At this point, Pinto de Andrade decided to move to Paris, where he worked for the publishing house Présence Africaine getting in touch with the negritude movement and intellectuals like Aimée Cesaire and Frantz Fanon. He would help organize the first Congress of Black Writers and Artists at Sorbonne in 1956. During those Parisian years, he met and fell in love with film director Sarah Maldoror for whose movies, like Sambinzanga, he will help write the script. In 1956 the MPLA, the movement for the popular liberation of Angola, was founded. Mario became its president shortly before the beginning of the armed struggle, in which he took part, against the Portuguese occupation. Between 1964 and 1970, Mario and Sarah, with their two daughters, moved to Algier. In those years he participates in important transnational events of the Third World, like the Tricontinental Conference of Havana (1966) and the Pan African Festival of Algier (1969).

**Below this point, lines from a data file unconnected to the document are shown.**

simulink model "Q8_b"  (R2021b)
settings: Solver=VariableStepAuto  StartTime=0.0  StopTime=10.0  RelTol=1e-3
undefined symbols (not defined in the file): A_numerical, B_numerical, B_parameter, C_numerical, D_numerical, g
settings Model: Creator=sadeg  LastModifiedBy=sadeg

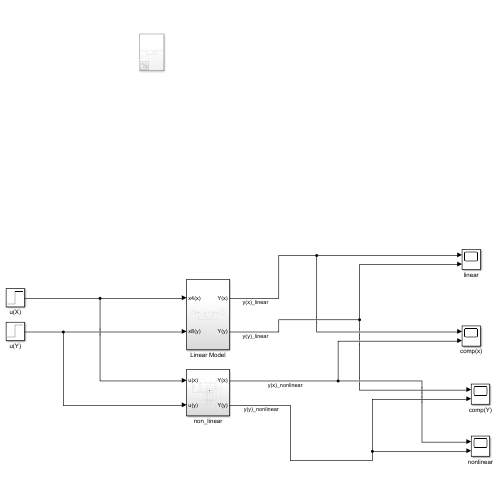
[thumbnail: Simulink's stored preview of the top-level diagram]
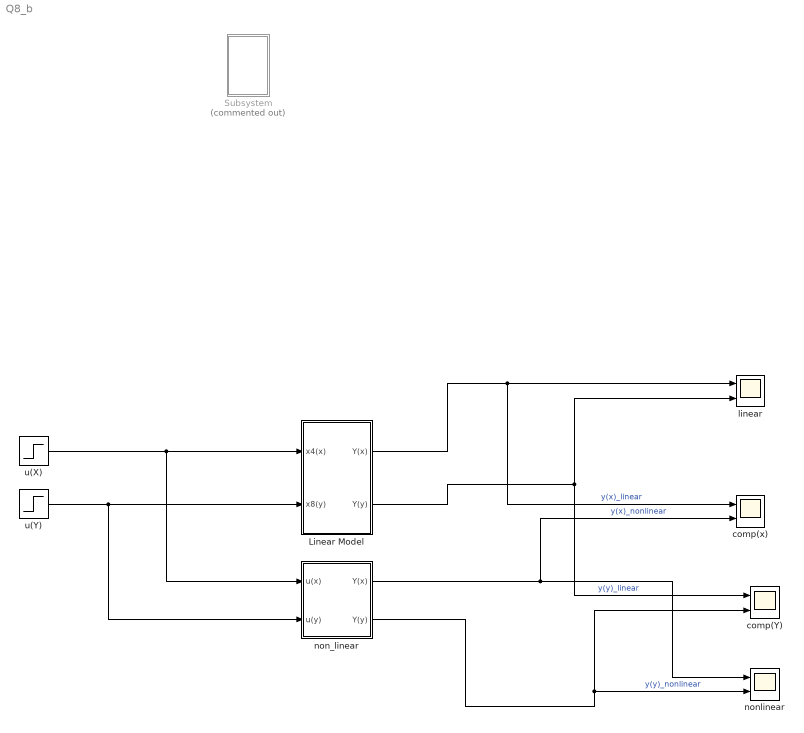
== system Q8_b ==
  Linear Model : Subsystem
  Subsystem : Subsystem  Commented=on
  comp(Y) : Scope  NumInputPorts=2
  comp(x) : Scope  NumInputPorts=2
  linear : Scope  NumInputPorts=2
  non_linear : Subsystem
  nonlinear : Scope  NumInputPorts=2
  u(X) : Step  After=0.1  SampleTime=0
  u(Y) : Step  After=0.1  SampleTime=0
  wires:
  Linear Model/1(Y(x)) -> comp(x)/1, linear/1  "y(x)_linear"
  Linear Model/2(Y(y)) -> comp(Y)/1, linear/2  "y(y)_linear"
  u(X)/1 -> non_linear/1(u(x)), Linear Model/1(x4(x))
  u(Y)/1 -> non_linear/2(u(y)), Linear Model/2(x8(y))
  non_linear/1(Y(x)) -> nonlinear/1, comp(x)/2  "y(x)_nonlinear"
  non_linear/2(Y(y)) -> nonlinear/2, comp(Y)/2  "y(y)_nonlinear"

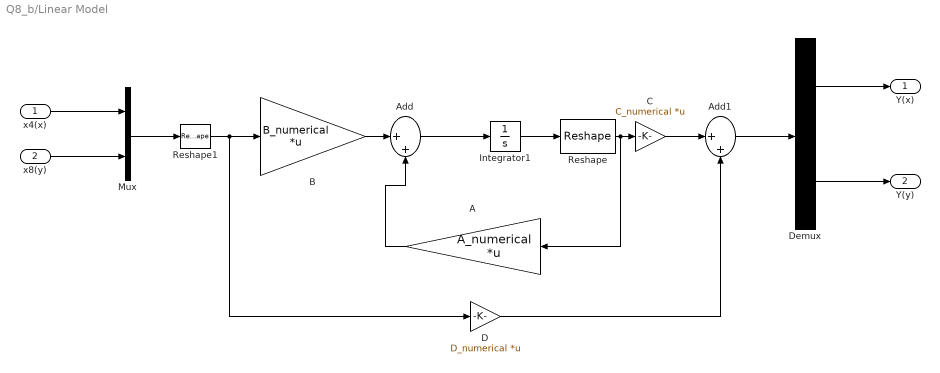
== system Q8_b/Linear Model ==
  x4(x) : Inport
  x8(y) : Inport  Port=2
  A : Gain  Gain=A_numerical  Multiplication=Matrix(K*u)
  Add : Sum  Inputs=|++
  Add1 : Sum  Inputs=|++
  B : Gain  Gain=B_numerical  Multiplication=Matrix(K*u)
  C : Gain  Gain=C_numerical  Multiplication=Matrix(K*u)
  D : Gain  Gain=D_numerical  Multiplication=Matrix(K*u)
  Demux : Demux  Outputs=2
  Integrator1 : Integrator  InitialCondition=zeros(8,1)
  Mux : Mux  Inputs=2
  Reshape : Reshape  OutputDimensionality=Column vector (2-D)
  Reshape1 : Reshape  OutputDimensionality=Column vector (2-D)
  Y(x) : Outport
  Y(y) : Outport  Port=2
  wires:
  Demux/2 -> Y(y)/1
  A/1 -> Add/2
  Integrator1/1 -> Reshape/1
  Reshape/1 -> A/1, C/1
  x4(x)/1 -> Mux/1
  C/1 -> Add1/1
  B/1 -> Add/1
  x8(y)/1 -> Mux/2
  Demux/1 -> Y(x)/1
  Add1/1 -> Demux/1
  Add/1 -> Integrator1/1
  Reshape1/1 -> D/1, B/1
  Mux/1 -> Reshape1/1
  D/1 -> Add1/2

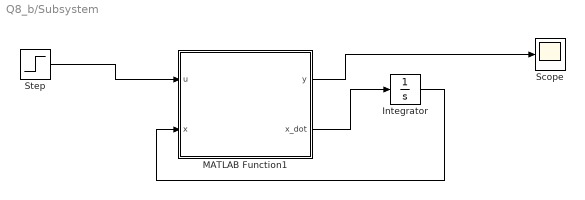
== system Q8_b/Subsystem ==
  Integrator : Integrator  InitialCondition=zeros(8,1)
  MATLAB Function1 : MATLAB Function  TreatAsAtomicUnit=on
  Scope : Scope
  Step : Step  SampleTime=0
  wires:
  Integrator/1 -> MATLAB Function1/2(x)
  MATLAB Function1/1(y) -> Scope/1
  Step/1 -> MATLAB Function1/1(u)
  MATLAB Function1/2(x_dot) -> Integrator/1

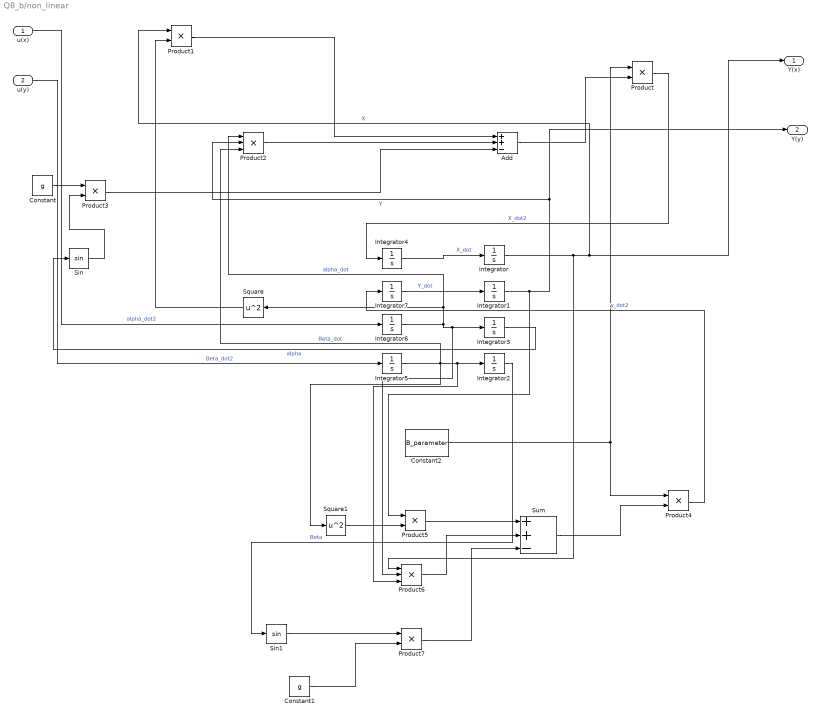
== system Q8_b/non_linear ==
  u(x) : Inport
  u(y) : Inport  Port=2
  Add : Sum  Inputs=++-
  Constant : Constant  Value=g
  Constant1 : Constant  Value=g
  Constant2 : Constant  Value=B_parameter
  Integrator{,1..7} (8 alike) : Integrator
  Product{,1,3..5,7} (6 alike) : Product
  Product2 : Product  Inputs=3
  Product6 : Product  Inputs=3
  Sin : Trigonometry
  Sin1 : Trigonometry
  Square : Math  Operator=square  SaturateOnIntegerOverflow=on
  Square1 : Math  Operator=square  SaturateOnIntegerOverflow=on
  Sum : Sum  Inputs=++-
  Y(x) : Outport
  Y(y) : Outport  Port=2
  wires:
  Constant2/1 -> Product/1, Product4/1
  Add/1 -> Product/2
  Product1/1 -> Add/1
  Product2/1 -> Add/2
  Product3/1 -> Add/3
  Integrator/1 -> Product6/1, Y(x)/1, Product1/1  "X"
  Integrator4/1 -> Integrator/1  "X_dot"
  Integrator7/1 -> Integrator1/1  "Y_dot"
  Integrator1/1 -> Product5/1, Y(y)/1, Product2/2  "Y"
  Integrator5/1 -> Square1/1, Product2/3, Product6/3, Integrator2/1  "Beta_dot"
  Integrator2/1 -> Sin1/1  "Beta"
  Square/1 -> Product1/2
  Integrator3/1 -> Sin/1  "alpha"
  Integrator6/1 -> Product6/2, Integrator3/1, Product2/1, Square/1  "alpha_dot"
  u(x)/1 -> Integrator6/1  "alpha_dot2"
  Product4/1 -> Integrator7/1  "y_dot2"
  Product/1 -> Integrator4/1  "X_dot2"
  u(y)/1 -> Integrator5/1  "Beta_dot2"
  Constant/1 -> Product3/1
  Sin/1 -> Product3/2
  Sum/1 -> Product4/2
  Product5/1 -> Sum/1
  Product7/1 -> Sum/3
  Product6/1 -> Sum/2
  Sin1/1 -> Product7/1
  Constant1/1 -> Product7/2
  Square1/1 -> Product5/2

== matlab function Q8_b/Subsystem/MATLAB Function1 ==
  data: u input size=2; x input size=8; y output size=2; x_dot output size=8; A_numerical parameter size=8x8; B_numerical parameter size=8x2; C_numerical parameter size=2x8; D_numerical parameter size=2x2
% function [y,x_dot] = fcn(u, x ,A_numerical, B_numerical, C_numerical)
% % A1 = [x(2),B_parameter*(x(1)*x(4)^2 + x(4)*x(5)*x(8) -g*sin(x(3))),x(4),0];
% % A2 = [x(6),B_parameter*(x(5)*x(8)^2 + x(1)*x(4)*x(8) -g*sin(x(7))),x(8),0];
% % A = [A1,A2]';
% % B = [0,0;0,0;0,0;1,0;0,0;0,0;0,0;0,1];
% % C = [1,0,0,0,0,0,0,0;0,0,0,0,1,0,0,0];
% % D = [0;0];
% % x_balance = [0,0,0,0,0,0,0,0];
% % A_linear = jacobian(A,x);
% % A_numerical = double(subs(A_linear,[x1,x1_dot,a1,a1_dot,y1,y1_dot,b1,b1_dot],[0,0,0,0,0,0,0,0]));
% % B_numerical = B;
% % C_numerical = C;
% % D_numerical = D;
% % 
% 
% 
% 
% 
% 
% 
% x_dot = A_numerical*x + B_numerical*u;
% y = C_numerical*x ;
% 
% function [y, x_dot] = fcn(u, x, A_numerical, B_numerical, C_numerical, D_numerical)
%     % Predefine output sizes
%     x_dot = zeros(8, 1); % 8x1 state derivative
%     y = zeros(2, 1);     % 2x1 output
% 
%     % Compute state derivatives and outputs
%     x_dot = A_numerical * x + B_numerical * u;
%     y = C_numerical * x + D_numerical * u;
function [y, x_dot] = fcn(u, x, A_numerical, B_numerical, C_numerical, D_numerical)
    % Predefine output sizes
    x_dot = zeros(8, 1); % 8x1 state derivative
    y = zeros(2, 1);     % 2x1 output

    % Check dimensions for safety (optional for debugging)
    assert(isequal(size(A_numerical), [8, 8]), 'A_numerical must be 8x8');
    assert(isequal(size(B_numerical), [8, 2]), 'B_numerical must be 8x2');
    assert(isequal(size(C_numerical), [2, 8]), 'C_numerical must be 2x8');
    assert(isequal(size(D_numerical), [2, 2]), 'D_numerical must be 2x2');
    assert(isequal(size(x), [8, 1]), 'x must be 8x1');
    assert(isequal(size(u), [2, 1]), 'u must be 2x1');

    % Compute state derivatives and outputs
    x_dot = A_numerical * x + B_numerical * u;
    y = C_numerical * x + D_numerical * u;
end

So far so good, then the water starts to muddle. As the day of Angolan independence approached, divisions started sharpening within the MPLA. At least this is what emerges from the historiography available so far. Instead, the documentary follows a rather linear narration, backed up mainly by the interviews with one of the co-founders of “Revolta Activa”, a dissident movement born inside the MPLA. While the recent history of independent Angola and how the internal divisions played out within the new governing party are topics still under scrutiny among contemporary historians, what is sure is that Mario Pinto de Andrade lived in exile most of his life and died in 1990. Establishing causality and consequentiality between these two facts is not an easy equation. And even if a correlation exists, its precise channels might be more complex than expected.

Therefore, a simple yet central question emerges: how far can a documentary, even when building upon unedited material and exclusive interviews, really shed new light on a biography? What are the risks of involuntary mystification, in the attempt to bring new attention to one of the key figures of Angolan decolonial history? The wise editing by Luís Nunes, the simplicity of the graphics, and the neat aesthetic, accompanied by Luís Zhang and André Fèvre immersive soundscape, leads the spectator to absorb without qualms this impeccable production. Two elements contributed to the rendering of such a smooth narration. Pinto de Andrade was a dedicated archivist who created an impressive private archive, which stands out even more if considering the transnational dimension of his biography. Nevertheless, there might have been information and documents he couldn’t or didn’t want to save for posterity. The other element might have been the shrunk distance between the director and the subject. Did the master of black independent cinema maybe see a bit of himself in Mário? At least, the struggle for beauty and justice seems to have carried and inspired both.